LDL Cholesterol: A broken Yardstick to measure cardiac risk

Almost 75 percent patients hospitalized for cardiac arrest showed normal cholesterol levels, far away from the risk of cardiovascular trouble, a nationwide study reported.

The finding indicate towards the need to change the current threshold value of the cholesterol level, said study author Dr. Gregg C. Fonarow

“The LDL cholesterol level at which people have heart attacks shouldn’t be considered as normal,” Fonarow said. Yardstick

LDL cholesterol, in other words “bad” cholesterol, accumulates to form plaques that ultimately block arteries.

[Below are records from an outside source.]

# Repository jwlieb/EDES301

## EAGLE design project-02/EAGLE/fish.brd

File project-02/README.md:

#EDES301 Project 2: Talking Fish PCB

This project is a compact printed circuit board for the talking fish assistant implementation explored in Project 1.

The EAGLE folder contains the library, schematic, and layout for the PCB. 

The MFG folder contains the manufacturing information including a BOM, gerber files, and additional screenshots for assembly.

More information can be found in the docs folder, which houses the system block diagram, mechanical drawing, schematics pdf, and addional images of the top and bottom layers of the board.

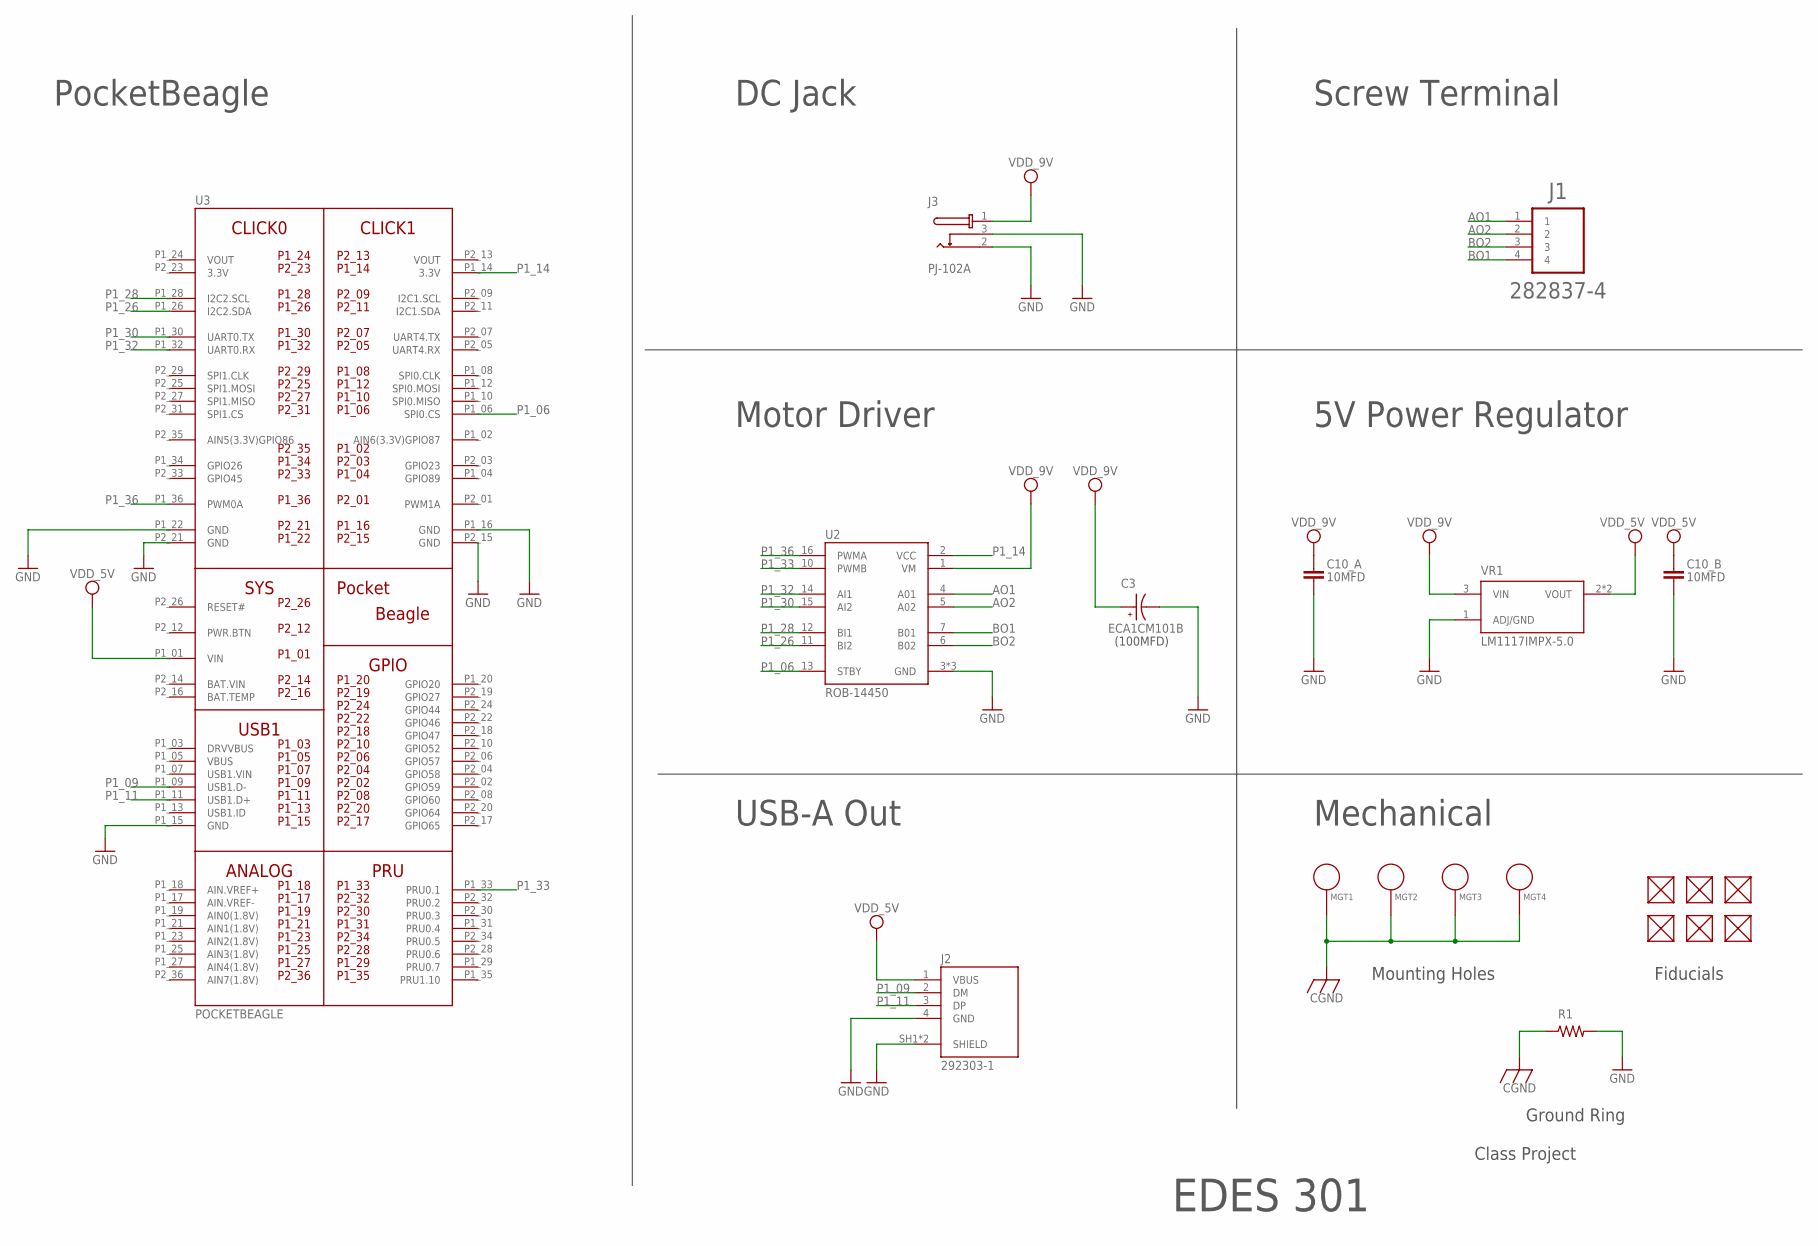
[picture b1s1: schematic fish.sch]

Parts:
C3: ECA1CM101B; CAPPRD500W50D500H1100
C10_A, C10_B: 10MFD; C0805
FUD1, FUD2, FUD3, FUD4, FUD5, FUD6: FIDUCIAL; FIDUCIAL_40MIL
J1: 282837-4; TE_282837-4
J2: 292303-1; TE_292303-1
J3: PJ-102A; CUI_PJ-102A
MGT1, MGT2, MGT3, MGT4: MOUNTING_HOLE
R1: 1 Ohm; R0402
U2: ROB-14450; MODULE_ROB-14450
U3: POCKETBEAGLE
VR1: LM1117IMPX-5.0; SOT230P700X180-4N

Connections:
3.3V: U3.P2_23 (3.3V)
AO1: J1.1, U2.4 (A01)
AO2: J1.2, U2.5 (A02)
BAT.VIN: U3.P2_14 (BAT.VIN)
BO1: J1.4, U2.7 (B01)
BO2: J1.3, U2.6 (B02)
CGND: MGT1.P$1, MGT2.P$1, MGT3.P$1, MGT4.P$1, R1.1
GND: C3.N, C10_A.2, C10_B.2, J2.4 (GND), J2.SH1 (SHIELD), J2.SH2 (SHIELD), J3.2, J3.3, R1.2, U2.3 (GND), U2.8 (GND), U2.9 (GND), U3.P1_15 (GND), U3.P1_16 (GND), U3.P1_22 (GND), U3.P2_15 (GND), U3.P2_21 (GND), VR1.1 (ADJ/GND)
P1_06: U2.13 (STBY), U3.P1_06 (SPI0.CS)
P1_09: J2.2 (DM), U3.P1_09 (USB1.D-)
P1_11: J2.3 (DP), U3.P1_11 (USB1.D+)
P1_14: U2.2 (VCC), U3.P1_14 (3.3V)
P1_26: U2.11 (BI2), U3.P1_26 (I2C2.SDA)
P1_28: U2.12 (BI1), U3.P1_28 (I2C2.SCL)
P1_30: U2.15 (AI2), U3.P1_30 (UART0.TX)
P1_32: U2.14 (AI1), U3.P1_32 (UART0.RX)
P1_33: U2.10 (PWMB), U3.P1_33 (PRU0.1)
P1_36: U2.16 (PWMA), U3.P1_36 (PWM0A)
VDD_5V: C10_B.1, J2.1 (VBUS), U3.P1_01 (VIN), VR1.2 (VOUT), VR1.4 (VOUT)
VDD_9V: C3.P, C10_A.1, J3.1, U2.1 (VM), VR1.3 (VIN)
VOUT: U3.P1_24 (VOUT), U3.P2_13 (VOUT)

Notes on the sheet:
EDES 301
Class Project
PocketBeagle
DC Jack
Screw Terminal
5V Power Regulator
Motor Driver
USB-A Out
Mechanical
(100MFD)
Fiducials
Mounting Holes
Ground Ring

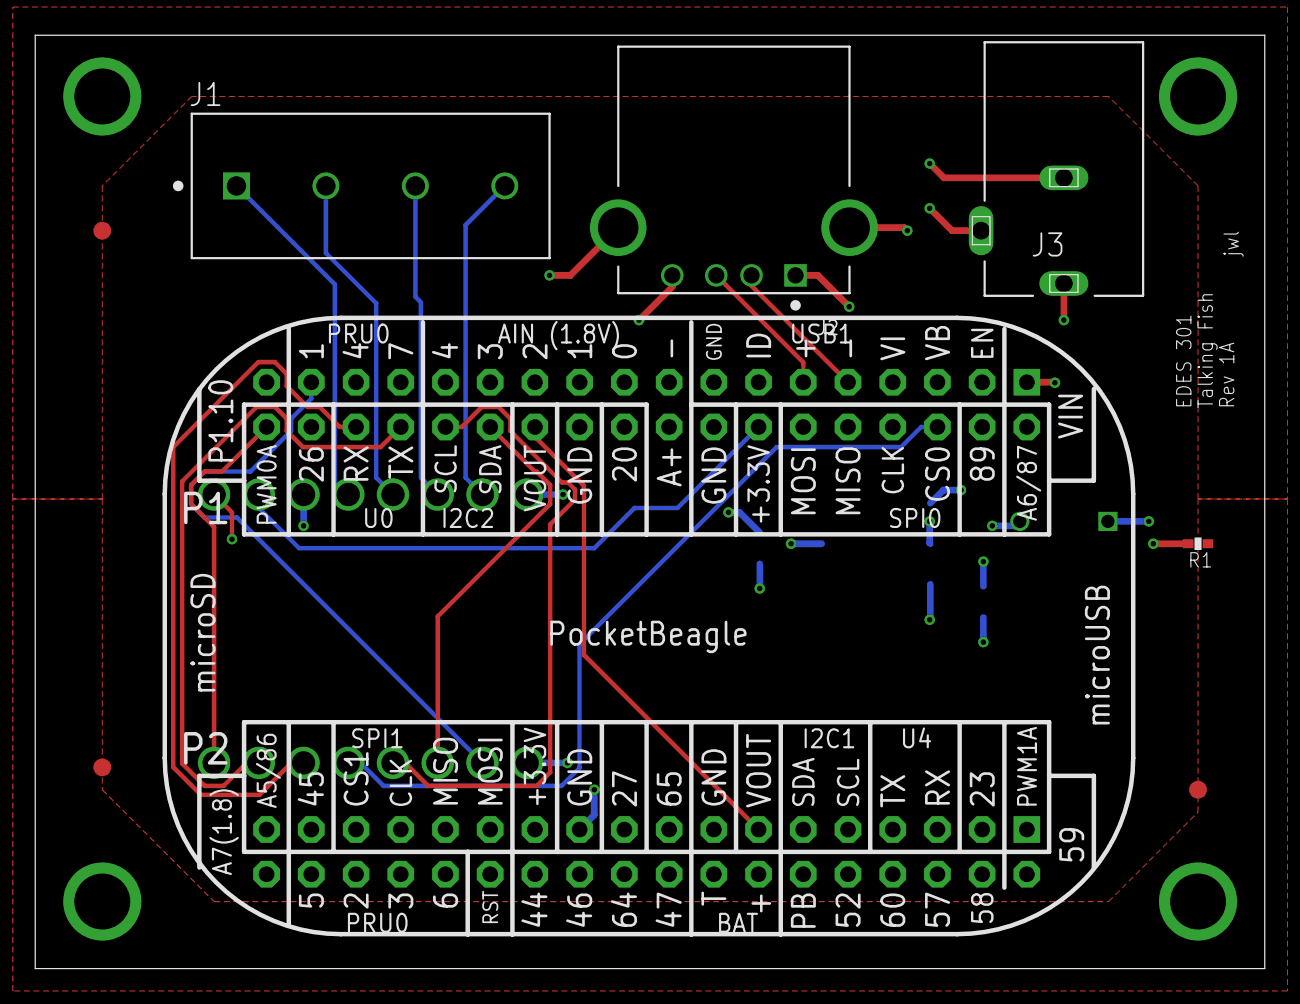
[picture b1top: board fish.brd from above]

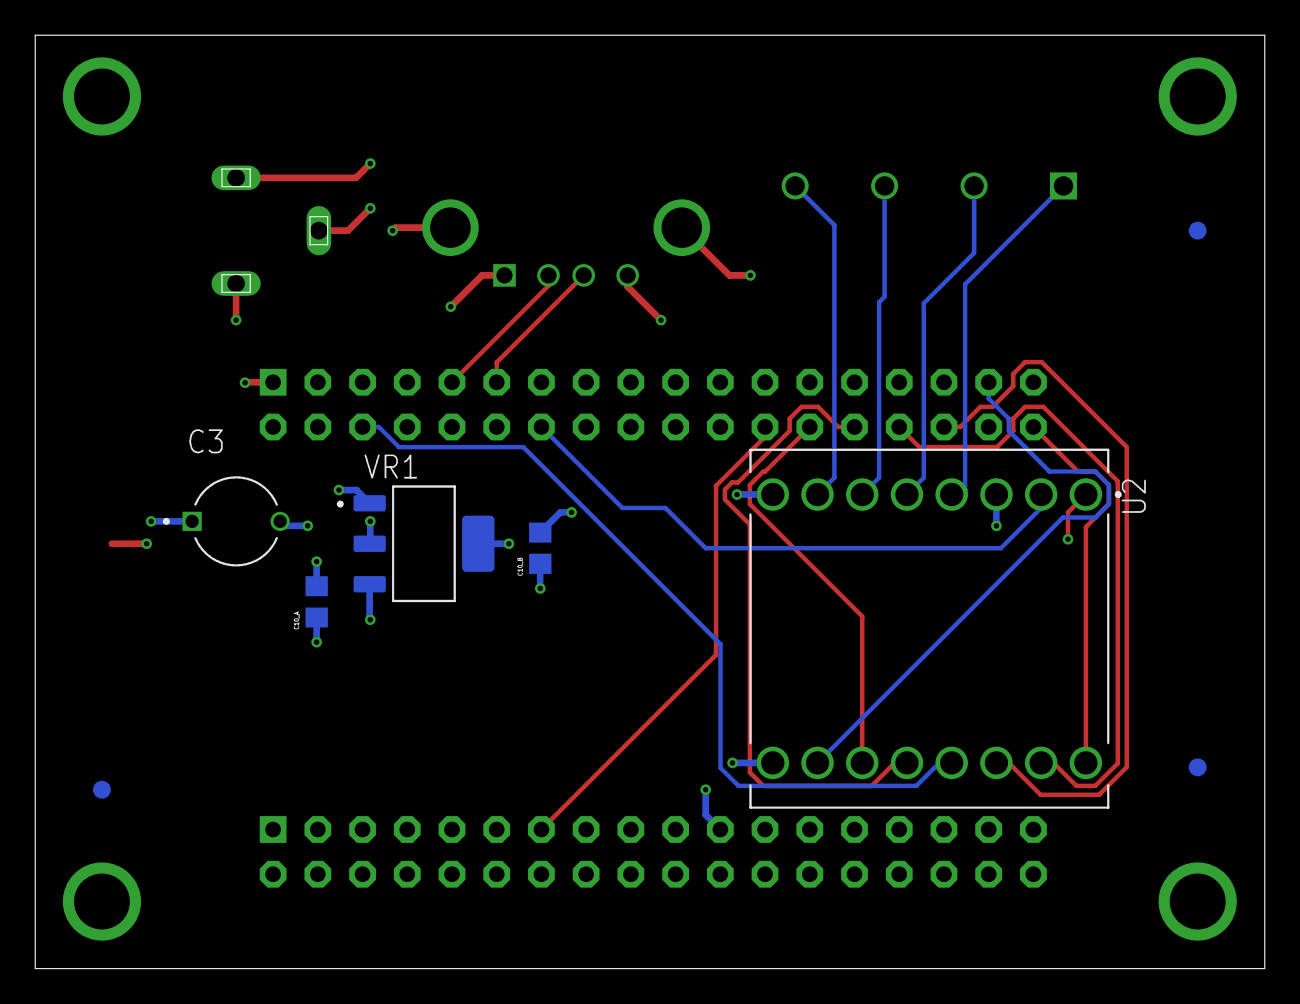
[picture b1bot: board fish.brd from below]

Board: 4 copper layers, 69.8 x 53.0 mm, 20 parts (9 on the bottom side), 19 nets.

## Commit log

2025-09-23 Updating README.md
2025-10-06 project 1 folder + proposal
2025-10-06 updated proposal
2025-10-08 class simple calc
2025-10-08 extend simple_calc to handle other operators + python2 support
2025-10-08 blink led
2025-10-08 implemented button.py
2025-10-08 fix button.py
2025-10-08 fix one more issue in button.py...
2025-10-10 update project 1 proposal
2025-10-25 design
2025-12-03 move from jwlieb/fish-assistant
2025-12-03 actually move from fish-assistant
2025-12-03 now?
2025-12-03 one step back for two steps forward?
2025-12-03 two steps forward
2025-12-03 move docs back...
2025-12-13 update from fish-assistant repo + proper file headers
2025-12-18 bulk project 2 upload
2025-12-18 project 2 readme (forgot to gitignore dsstore earlier oops)

Values evaluated by U.S. National Heart, Lung and Blood Institute are 130 milligrams per deciliter for healthy people and 70 milligram per deciliter for those who have high risk factors such as obesity, smoking and hypertension and diabetes.

But the collected data of 137,000 cardiac arrest patients, from 2000 to 2006, showed that, about three-quarter had bad cholesterol level below 130 at the time of hospitalization, while 17.6 percent had LDL levels below 70.

“With LDL levels from 100 to 130, people may feel risk free,” Fonarow said. “In this study, there was nothing normal about having an LDL reading of 100.”

Cholesterol is only one aspect in heart attack, Fonarow said. Risk increase with age, especially for males and who have had a family history.

“The positive thing is that, 80 percent of the risk factors are controllable,” Fonarow said. “We can’t change our family history, age or sex, but what we can do is to keep our blood pressure low, exercise and change our lifestyle in that way which has minimum risks.”